Coupled with at times disliking other parts of who I am: My name, my race, my sales skill, my challenging of objections, my straight talking, my successes, my knowledge, my athleticism, my history whatever it is, those who hate some part of you are always liable to come back from the past to attempt to fuck up your life in the present.
This has happened to me most recently where certain people from the past have tried to present me to others in an incredibly bad light, creating false allegations to attempt to get me in trouble. This has already caused a major inconvenience to my life, with property being taken from me, where I am being isolated, where mine and others time is being wasted, where my mother and my friends are being put through unnecessary worry about me.
What I have noticed is the immense sadness that has befallen me this past week in relation to this, it's like a kind of loss of faith in humanity, a tiredness of being aggressively attacked by people, just because they don't like something i have said and/or have reacted to other parts of who i am.
This feeling like no matter what I do, no matter how much i want a world that's best for all life, I will always have an army of haters from the past all praying for my downfall, waiting for a chance to deceive others and fatally poison me to silence me forever.
The Bruce Lee and Brandon Lee story always hit me hard growing up as Bruce Lee was one of the first martial arts icons I had in my life. But it is well documented how Bruce would have demons from the past so to speak trying to harm him.
Ultimately this lead to him being taken from us all before his time and his son to follow in what has always been one of the more tragic celebrity stories ever, but it feels so relevant to me more and more as i get older - the more you shine, the more they will come hunting for you.
This heavy dark sadness I have been carrying this past week, I must let go of this because if I do not then the thoughts to just sit in a dark corner, listen to sad music and not move will prevail - as I cry as i write this, I know that I must steel myself, I must stand fast and just keep learning and implementing what's best for all life.
When I am gone I just want to know that I did everything I could to make something better here.
I forgive myself that I have accepted and allowed myself to not realise that the spite of others is always out of my control and can come back to try to hurt me at any moment in my life.
I forgive myself that i have accepted and allowed myself to not realise that just because I know I have tried to help someone, it may not be taken that way by someone else, who can quickly transform into a serpent, another character you didn't know existed in that person a really aggressive and poisonous snake.
I forgive myself that I have accepted and allowed myself to not realise sometimes when i should stop trying to interact with and support someone when it becomes clearer and clearer that they do not care about me and will even try to hurt me - I must learn that when someone is reacting about some part of me, I cannot change that for them and so if they will not change I must disengage immediately.
I forgive myself that I have accepted and allowed myself to react as and continue to carry an emotion of an immense sadness as a result of of these spiteful attacks from the past, where a desire emerges to want to just go to sleep and never wake up.

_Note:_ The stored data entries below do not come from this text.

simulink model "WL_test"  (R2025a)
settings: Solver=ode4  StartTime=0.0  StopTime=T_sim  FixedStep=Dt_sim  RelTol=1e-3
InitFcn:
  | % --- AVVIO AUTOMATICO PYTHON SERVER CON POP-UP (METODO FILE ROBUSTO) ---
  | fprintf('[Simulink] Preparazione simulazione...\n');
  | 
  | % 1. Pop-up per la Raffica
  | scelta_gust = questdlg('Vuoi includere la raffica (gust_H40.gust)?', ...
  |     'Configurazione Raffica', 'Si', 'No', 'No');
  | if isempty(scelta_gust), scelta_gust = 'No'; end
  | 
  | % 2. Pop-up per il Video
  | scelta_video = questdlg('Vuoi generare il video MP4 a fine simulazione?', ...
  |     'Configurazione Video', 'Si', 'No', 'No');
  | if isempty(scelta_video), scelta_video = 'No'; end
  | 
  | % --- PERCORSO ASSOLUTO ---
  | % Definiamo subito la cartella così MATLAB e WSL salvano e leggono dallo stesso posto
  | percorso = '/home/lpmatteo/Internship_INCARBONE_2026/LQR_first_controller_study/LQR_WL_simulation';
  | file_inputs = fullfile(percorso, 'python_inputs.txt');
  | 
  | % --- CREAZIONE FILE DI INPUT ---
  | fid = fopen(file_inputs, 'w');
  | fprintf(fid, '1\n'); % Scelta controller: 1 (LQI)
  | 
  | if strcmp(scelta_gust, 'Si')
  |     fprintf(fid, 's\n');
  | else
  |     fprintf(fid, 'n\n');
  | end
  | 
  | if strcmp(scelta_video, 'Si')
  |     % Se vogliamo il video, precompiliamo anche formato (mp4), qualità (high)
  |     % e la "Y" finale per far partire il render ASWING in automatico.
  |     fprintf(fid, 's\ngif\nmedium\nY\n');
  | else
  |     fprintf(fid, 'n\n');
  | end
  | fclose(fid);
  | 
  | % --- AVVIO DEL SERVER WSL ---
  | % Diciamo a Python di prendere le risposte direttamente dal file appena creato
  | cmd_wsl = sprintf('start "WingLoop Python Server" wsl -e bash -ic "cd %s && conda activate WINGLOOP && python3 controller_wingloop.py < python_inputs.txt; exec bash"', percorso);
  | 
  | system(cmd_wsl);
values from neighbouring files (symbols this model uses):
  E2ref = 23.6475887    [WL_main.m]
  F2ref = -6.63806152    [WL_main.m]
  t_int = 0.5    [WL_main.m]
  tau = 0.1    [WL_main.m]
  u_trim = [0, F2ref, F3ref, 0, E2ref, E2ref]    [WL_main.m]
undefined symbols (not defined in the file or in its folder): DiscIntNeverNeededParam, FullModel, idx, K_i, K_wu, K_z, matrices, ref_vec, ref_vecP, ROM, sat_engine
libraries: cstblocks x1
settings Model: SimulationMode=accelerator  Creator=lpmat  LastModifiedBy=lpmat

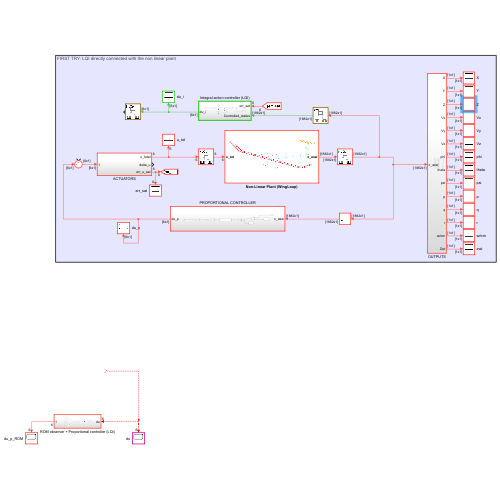
[thumbnail: Simulink's stored preview of the top-level diagram]
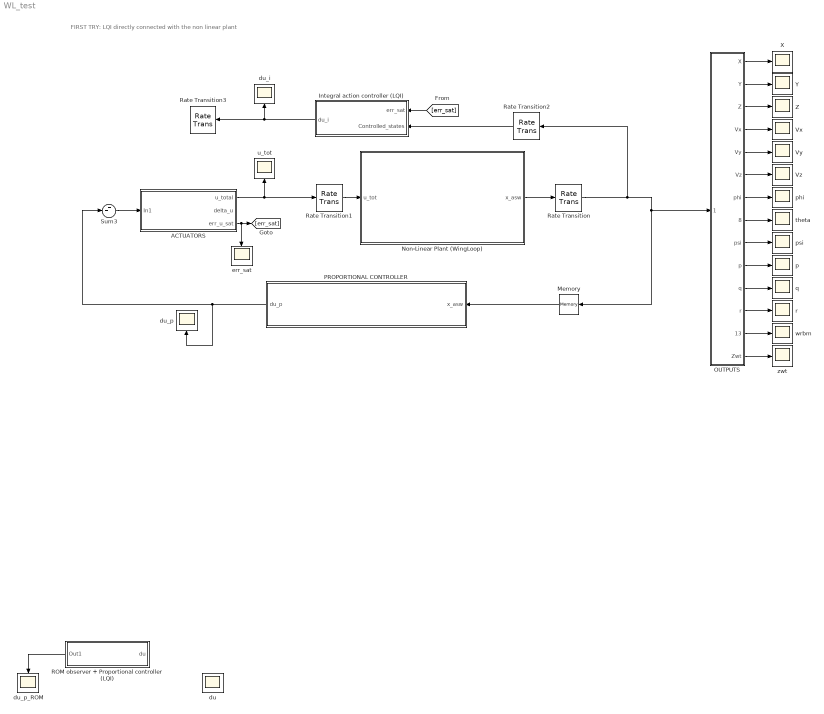
== system WL_test ==
  note: FIRST TRY: LQI directly connected with the non linear plant
  ACTUATORS : Subsystem
  Integral action controller (LQI) : Subsystem  TreatAsAtomicUnit=on  SystemSampleTime=t_int
  Memory : Memory  InitialCondition=FullModel.X0
  Non-Linear Plant (WingLoop) : Subsystem
      mask Display: image('Screenshot 2026-03-18 123158.png');
  OUTPUTS : Subsystem
  PROPORTIONAL CONTROLLER : Subsystem
  ROM observer + Proportional controller (LQI) : Subsystem
  Rate Transition : RateTransition  InitialCondition=FullModel.X0  OutPortSampleTime=Ts_control
  Rate Transition1 : RateTransition  InitialCondition=u_trim  OutPortSampleTime=Dt_asw
  Rate Transition2 : RateTransition  InitialCondition=FullModel.X0  OutPortSampleTime=t_int
  Rate Transition3 : RateTransition  OutPortSampleTime=Ts_control
  Sum3 : Sum  Inputs=--|
  Vx : Scope
      settings: ActiveDisplayYMinimum=-30.667463075  ActiveDisplayYMaximum=-29.643238325000002  DataLoggingVariableName=ScopeData9
  Vy : Scope
      settings: ActiveDisplayYMinimum=-0.022981843775  ActiveDisplayYMaximum=0.019016099975  DataLoggingVariableName=ScopeData2
  Vz : Scope
      settings: ActiveDisplayYMinimum=-4.1942458462499994  ActiveDisplayYMaximum=3.14147451625  DataLoggingVariableName=ScopeData23
  X : Scope
      settings: ActiveDisplayYMinimum=-3445.898072785  ActiveDisplayYMaximum=379.55975506499993
  Y : Scope
      settings: ActiveDisplayYMinimum=-11.715700294646378  ActiveDisplayYMaximum=7.8645535005168945
  Z : Scope
      settings: ActiveDisplayYMinimum=-2.916242765  ActiveDisplayYMaximum=10.900665085  DataLoggingVariableName=ScopeData11
  du : Scope
      settings: ActiveDisplayYMinimum=-1  ActiveDisplayYMaximum=1  DataLoggingVariableName=ScopeData15
  du_i : Scope
      settings: ActiveDisplayYMinimum=-0.0019582531234373637  ActiveDisplayYMaximum=0.0017838770388506043  DataLoggingVariableName=ScopeData5
  du_p : Scope
      settings: ActiveDisplayYMinimum=-2.2212573201433456  ActiveDisplayYMaximum=2.0941100207489196  DataLoggingVariableName=ScopeData13
  du_p_ROM : Scope
      settings: ActiveDisplayYMinimum=-1  ActiveDisplayYMaximum=1  DataLoggingVariableName=ScopeData10
  err_sat : Scope
      settings: ActiveDisplayYMinimum=-1  ActiveDisplayYMaximum=1  DataLoggingVariableName=ScopeData6
  p : Scope
      settings: ActiveDisplayYMinimum=-0.0001631406245  ActiveDisplayYMaximum=0.0001678073805  DataLoggingVariableName=ScopeData7
  phi : Scope
      settings: ActiveDisplayYMinimum=-4.954931666598749E-6  ActiveDisplayYMaximum=4.4625239296288751E-5  DataLoggingVariableName=ScopeData3
  psi : Scope
      settings: ActiveDisplayYMinimum=-2.941824858275E-5  ActiveDisplayYMaximum=3.8845402447499991E-6  DataLoggingVariableName=ScopeData4
  q : Scope
      settings: ActiveDisplayYMinimum=-0.1020126258875  ActiveDisplayYMaximum=0.12159143298749998  DataLoggingVariableName=ScopeData25
  r : Scope
      settings: ActiveDisplayYMinimum=-9.1499201112499989E-7  ActiveDisplayYMaximum=3.502066890125E-6  DataLoggingVariableName=ScopeData8
  theta : Scope
      settings: ActiveDisplayYMinimum=-0.557096708875  ActiveDisplayYMaximum=0.62679834987499994  DataLoggingVariableName=ScopeData14
  u_tot : Scope
      settings: ActiveDisplayYMinimum=-15.360293933915493  ActiveDisplayYMaximum=27.981801998175822  DataLoggingVariableName=ScopeData12
  wrbm : Scope
      settings: ActiveDisplayYMinimum=4.1562448775  ActiveDisplayYMaximum=36.6690849025  DataLoggingVariableName=ScopeData26
  zwt : Scope
      settings: ActiveDisplayYMinimum=2.5963466775  ActiveDisplayYMaximum=6.8764531025  DataLoggingVariableName=ScopeData16
  wires:
  Integral action controller (LQI)/1(du_i) -> Rate Transition3/1, du_i/1
  OUTPUTS/3(Z) -> Z/1
  OUTPUTS/4(Vx) -> Vx/1
  ACTUATORS/1(u_total) -> Rate Transition1/1, u_tot/1
  [err_sat] -> Integral action controller (LQI)/1(err_sat)
  Non-Linear Plant (WingLoop)/1(x_asw) -> Rate Transition/1
  OUTPUTS/8(theta) -> theta/1
  OUTPUTS/6(Vz) -> Vz/1
  OUTPUTS/11(q) -> q/1
  OUTPUTS/13(wrbm) -> wrbm/1
  OUTPUTS/1(X) -> X/1
  OUTPUTS/2(Y) -> Y/1
  OUTPUTS/5(Vy) -> Vy/1
  OUTPUTS/7(phi) -> phi/1
  OUTPUTS/9(psi) -> psi/1
  OUTPUTS/10(p) -> p/1
  OUTPUTS/12(r) -> r/1
  ACTUATORS/3(err_u_sat) -> err_sat/1, [err_sat]
  Rate Transition/1 -> Memory/1, OUTPUTS/1(x_asw), Rate Transition2/1
  Rate Transition1/1 -> Non-Linear Plant (WingLoop)/1(u_tot)
  ROM observer + Proportional controller (LQI)/1(Out1) -> du_p_ROM/1
  ? -> ROM observer + Proportional controller (LQI)/1(du), du/1
  PROPORTIONAL CONTROLLER/1(du_p) -> Sum3/2, du_p/1
  OUTPUTS/14(Zwt) -> zwt/1
  Rate Transition2/1 -> Integral action controller (LQI)/2(Controlled_states)
  Memory/1 -> PROPORTIONAL CONTROLLER/1(x_asw)
  Sum3/1 -> ACTUATORS/1(In1)

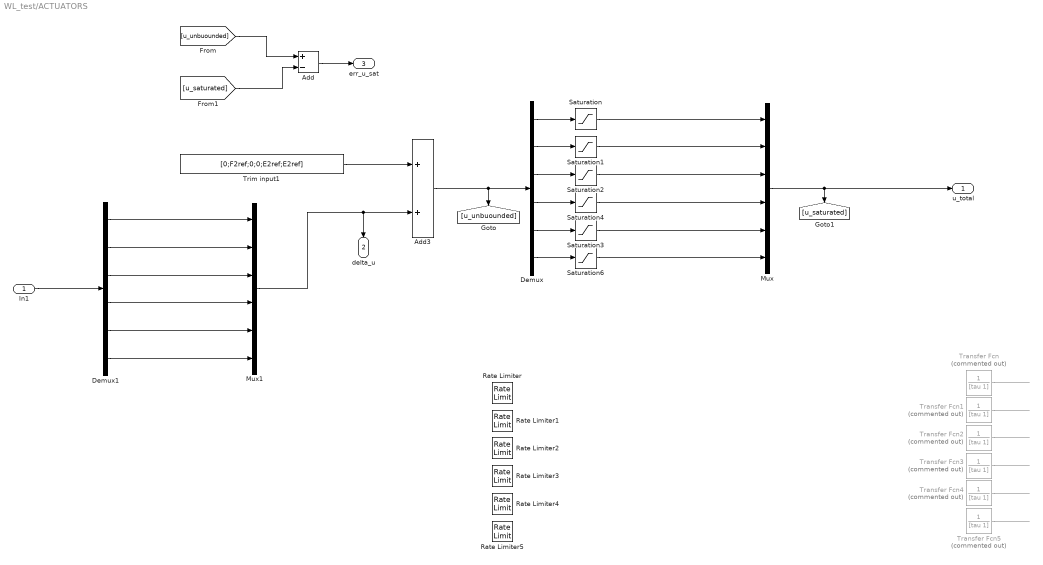
== system WL_test/ACTUATORS ==
  In1 : Inport
  Add : Sum  Inputs=+-
  Add3 : Sum
  Demux : Demux  Outputs=6
  Demux1 : Demux  Outputs=6
  Mux : Mux  Inputs=6
  Mux1 : Mux  Inputs=6
  Rate Limiter : RateLimiter  RisingSlewLimit=15  FallingSlewLimit=-15  SampleTimeMode=inherited  InitialCondition=u_trim(1)
  Rate Limiter1 : RateLimiter  RisingSlewLimit=15  FallingSlewLimit=-15  SampleTimeMode=inherited  InitialCondition=u_trim(2)
  Rate Limiter2 : RateLimiter  RisingSlewLimit=15  FallingSlewLimit=-15  SampleTimeMode=inherited  InitialCondition=u_trim(3)
  Rate Limiter3 : RateLimiter  RisingSlewLimit=15  FallingSlewLimit=-15  SampleTimeMode=inherited  InitialCondition=u_trim(4)
  Rate Limiter4 : RateLimiter  RisingSlewLimit=15  FallingSlewLimit=-15  SampleTimeMode=inherited  InitialCondition=u_trim(5)
  Rate Limiter5 : RateLimiter  RisingSlewLimit=15  FallingSlewLimit=-15  SampleTimeMode=inherited  InitialCondition=u_trim(6)
  Saturation{,1..2,4} (4 alike) : Saturate  UpperLimit=15  LowerLimit=-15
  Saturation3 : Saturate  UpperLimit=abs(E2ref)+abs(sat_engine)  LowerLimit=-(abs(E2ref)+abs(sat_engine))
  Saturation6 : Saturate  UpperLimit=abs(E2ref)+abs(sat_engine)  LowerLimit=-(abs(E2ref)+abs(sat_engine))
  Transfer Fcn{,1..5} (6 alike) : TransferFcn  Commented=on  Denominator=[tau 1]
  Trim input1 : Constant  Value=[0;F2ref;0;0;E2ref;E2ref]
  u_total : Outport
  delta_u : Outport  Port=2
  err_u_sat : Outport  Port=3
  wires:
  Trim input1/1 -> Add3/1
  Add3/1 -> Demux/1, [u_unbuounded]
  Demux/1 -> Saturation/1
  Demux/2 -> Saturation1/1
  Demux/3 -> Saturation2/1
  Demux/4 -> Saturation4/1
  Demux/5 -> Saturation3/1
  Demux/6 -> Saturation6/1
  Mux/1 -> u_total/1, [u_saturated]
  [u_unbuounded] -> Add/1
  [u_saturated] -> Add/2
  Add/1 -> err_u_sat/1
  In1/1 -> Demux1/1
  Demux1/1 -> Mux1/1
  Demux1/2 -> Mux1/2
  Demux1/3 -> Mux1/3
  Demux1/4 -> Mux1/4
  Demux1/5 -> Mux1/5
  Demux1/6 -> Mux1/6
  Mux1/1 -> Add3/2, delta_u/1
  Transfer Fcn1/1 -> ?
  ? -> Transfer Fcn3/1
  Transfer Fcn3/1 -> ?
  ? -> Transfer Fcn1/1
  ? -> Transfer Fcn2/1
  ? -> Transfer Fcn4/1
  Transfer Fcn4/1 -> ?
  ? -> Transfer Fcn/1
  Transfer Fcn/1 -> ?
  Transfer Fcn2/1 -> ?
  Transfer Fcn5/1 -> ?
  ? -> Transfer Fcn5/1
  Saturation6/1 -> Mux/6
  Saturation3/1 -> Mux/5
  Saturation4/1 -> Mux/4
  Saturation2/1 -> Mux/3
  Saturation1/1 -> Mux/2
  Saturation/1 -> Mux/1

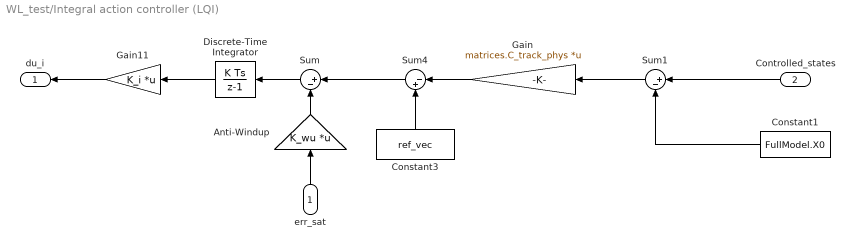
== system WL_test/Integral action controller (LQI) ==
  err_sat : Inport
  Controlled_states : Inport  Port=2
  Anti-Windup : Gain  Gain=K_wu  Multiplication=Matrix(K*u)
  Constant1 : Constant  Value=FullModel.X0
  Constant3 : Constant  Value=ref_vec
  Discrete-Time Integrator : DiscreteIntegrator  SampleTime=-1  LimitOutput=on  UpperSaturationLimit=10  LowerSaturationLimit=-10  ICPrevOutput=DiscIntNeverNeededParam  ICPrevScaledInput=DiscIntNeverNeededParam
  Gain : Gain  Gain=matrices.C_track_phys  Multiplication=Matrix(K*u)
  Gain11 : Gain  Gain=K_i  Multiplication=Matrix(K*u)
  Sum : Sum  Inputs=|+-
  Sum1 : Sum  Inputs=|+-
  Sum4 : Sum  Inputs=|-+
  du_i : Outport
  wires:
  Gain11/1 -> du_i/1
  Gain/1 -> Sum4/1
  Sum1/1 -> Gain/1
  Discrete-Time Integrator/1 -> Gain11/1
  Constant3/1 -> Sum4/2
  Sum4/1 -> Sum/1
  err_sat/1 -> Anti-Windup/1
  Sum/1 -> Discrete-Time Integrator/1
  Anti-Windup/1 -> Sum/2
  Constant1/1 -> Sum1/2
  Controlled_states/1 -> Sum1/1

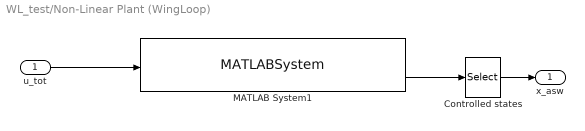
== system WL_test/Non-Linear Plant (WingLoop) ==
  u_tot : Inport
  Controlled states : Selector  InputPortWidth=1888  IndexOptions=Index vector (dialog)  Indices=[1:1882]  OutputSizes=1
  MATLAB System1 : MATLABSystem  System=AswingPlant  ServerHost=localhost  ServerPort=5005  NumModalStates=ROM.n_modal  NumPhysicalStates=FullModel.n_orig+ FullModel.n_in  SimulateUsing=Interpreted execution
      mask Type: AswingPlant
  x_asw : Outport
  wires:
  MATLAB System1/2 -> Controlled states/1
  u_tot/1 -> MATLAB System1/1
  Controlled states/1 -> x_asw/1

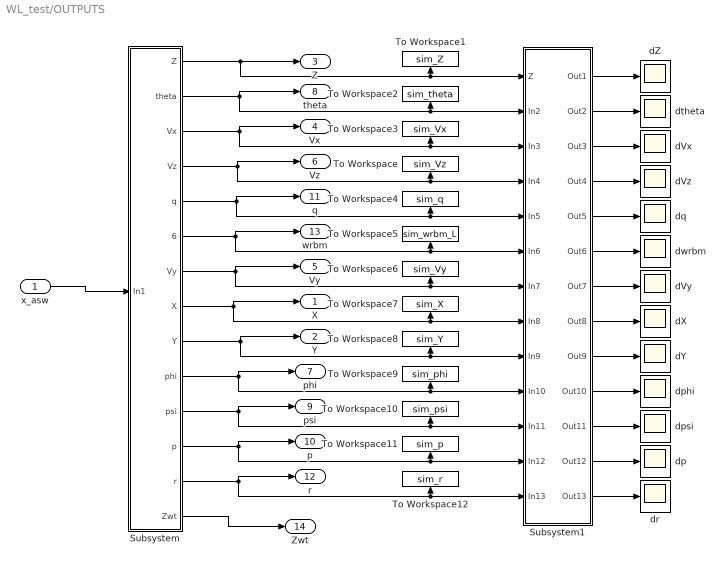
== system WL_test/OUTPUTS ==
  x_asw : Inport
  Subsystem : Subsystem
  Subsystem1 : Subsystem
  To Workspace : ToWorkspace  VariableName=sim_Vz  SaveFormat=Timeseries  SampleTime=-1
  To Workspace1 : ToWorkspace  VariableName=sim_Z  SaveFormat=Timeseries  SampleTime=-1
  To Workspace10 : ToWorkspace  VariableName=sim_psi  SaveFormat=Timeseries  SampleTime=-1
  To Workspace11 : ToWorkspace  VariableName=sim_p  SaveFormat=Timeseries  SampleTime=-1
  To Workspace12 : ToWorkspace  VariableName=sim_r  SaveFormat=Timeseries  SampleTime=-1
  To Workspace2 : ToWorkspace  VariableName=sim_theta  SaveFormat=Timeseries  SampleTime=-1
  To Workspace3 : ToWorkspace  VariableName=sim_Vx  SaveFormat=Timeseries  SampleTime=-1
  To Workspace4 : ToWorkspace  VariableName=sim_q  SaveFormat=Timeseries  SampleTime=-1
  To Workspace5 : ToWorkspace  VariableName=sim_wrbm_L  SaveFormat=Timeseries  SampleTime=-1
  To Workspace6 : ToWorkspace  VariableName=sim_Vy  SaveFormat=Timeseries  SampleTime=-1
  To Workspace7 : ToWorkspace  VariableName=sim_X  SaveFormat=Timeseries  SampleTime=-1
  To Workspace8 : ToWorkspace  VariableName=sim_Y  SaveFormat=Timeseries  SampleTime=-1
  To Workspace9 : ToWorkspace  VariableName=sim_phi  SaveFormat=Timeseries  SampleTime=-1
  dVx : Scope
      settings: ActiveDisplayYMinimum=29.833222698725  ActiveDisplayYMaximum=29.833684327474998  DataLoggingVariableName=ScopeData17
  dVy : Scope
      settings: ActiveDisplayYMinimum=-0.014985325000000046  ActiveDisplayYMaximum=0.13486792500000044  DataLoggingVariableName=ScopeData35
  dVz : Scope
      settings: ActiveDisplayYMinimum=-0.014985325000000046  ActiveDisplayYMaximum=0.13486792500000044  DataLoggingVariableName=ScopeData22
  dX : Scope
      settings: ActiveDisplayYMinimum=-0.014985325000000046  ActiveDisplayYMaximum=0.13486792500000044  DataLoggingVariableName=ScopeData35
  dY : Scope
      settings: ActiveDisplayYMinimum=-0.014985325000000046  ActiveDisplayYMaximum=0.13486792500000044  DataLoggingVariableName=ScopeData17
  dZ : Scope
      settings: ActiveDisplayYMinimum=-1  ActiveDisplayYMaximum=1  DataLoggingVariableName=ScopeData21
  dp : Scope
      settings: ActiveDisplayYMinimum=-0.014985325000000046  ActiveDisplayYMaximum=0.13486792500000044  DataLoggingVariableName=ScopeData21
  dphi : Scope
      settings: ActiveDisplayYMinimum=-0.014985325000000046  ActiveDisplayYMaximum=0.13486792500000044  DataLoggingVariableName=ScopeData17
  dpsi : Scope
      settings: ActiveDisplayYMinimum=-0.014985325000000046  ActiveDisplayYMaximum=0.13486792500000044  DataLoggingVariableName=ScopeData20
  dq : Scope
      settings: ActiveDisplayYMinimum=-0.014985325000000046  ActiveDisplayYMaximum=0.13486792500000044  DataLoggingVariableName=ScopeData24
  dr : Scope
      settings: ActiveDisplayYMinimum=-0.014985325000000046  ActiveDisplayYMaximum=0.13486792500000044  DataLoggingVariableName=ScopeData21
  dtheta : Scope
      settings: ActiveDisplayYMinimum=-0.338013509575  ActiveDisplayYMaximum=0.091025734174999984  DataLoggingVariableName=ScopeData20
  dwrbm : Scope
      settings: ActiveDisplayYMinimum=-0.014985325000000046  ActiveDisplayYMaximum=0.13486792500000044  DataLoggingVariableName=ScopeData27
  X : Outport
  Y : Outport  Port=2
  Z : Outport  Port=3
  Vx : Outport  Port=4
  Vy : Outport  Port=5
  Vz : Outport  Port=6
  phi : Outport  Port=7
  theta : Outport  Port=8
  psi : Outport  Port=9
  p : Outport  Port=10
  q : Outport  Port=11
  r : Outport  Port=12
  wrbm : Outport  Port=13
  Zwt : Outport  Port=14
  wires:
  Subsystem/5(q) -> Subsystem1/5(In5), To Workspace4/1, q/1
  Subsystem/2(theta) -> To Workspace2/1, Subsystem1/2(In2), theta/1
  Subsystem/4(Vz) -> Subsystem1/4(In4), To Workspace/1, Vz/1
  Subsystem/6(wrbm_L) -> Subsystem1/6(In6), To Workspace5/1, wrbm/1
  Subsystem/3(Vx) -> To Workspace3/1, Subsystem1/3(In3), Vx/1
  Subsystem/7(Vy) -> To Workspace6/1, Subsystem1/7(In7), Vy/1
  Subsystem/11(psi) -> Subsystem1/11(In11), To Workspace10/1, psi/1
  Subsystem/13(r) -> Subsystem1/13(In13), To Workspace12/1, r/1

I forgive myself that I have accepted and allowed myself to desire to want to just lay down in a dark corner and just stay there, not interact with anything or anyone, because in this dark place I know I cannot be attacked by others - yet I realise that I cannot let these emotions dictate my life as it only keeps me in separation from physical reality imprisoned as the ego, which is a waste of life, so I breathe, stand up within this emotion and ground this energy with self-forgiveness and self-honesty so i can do what's best for all life which is making the most of my life. I can sleep when I die, we will all have our day so until then I do not let myself live in the graveyard mentally no matter how much hate is thrown at me.
I forgive myself that I have accepted and allowed myself to not realise in every breath, that the way the human and the world works is based on free will and spite, where everyone wants to do things their "own way" make their own choice to follow what they want and not be equal with you, where everyone can abuse trust and spite you in an instant.
I forgive myself that I have accepted and allowed myself to feel like a criminal based on these spiteful attacks on me, when I know I am not and everyone who cares about me knows that too, it has taken many years of correcting myself to get to this point, I am proud of the man i have become and I would never throw away everything I have rebuilt myself as.
I forgive myself that I have accepted and allowed myself to fear that right now there is others out there laying in wait, annoyed about some part of me - loading up their guns of spite, so they can come and find me to fire their venomous shots at me, fabricating bullshit stories and looking to sabotage my life in whatever way they see fit.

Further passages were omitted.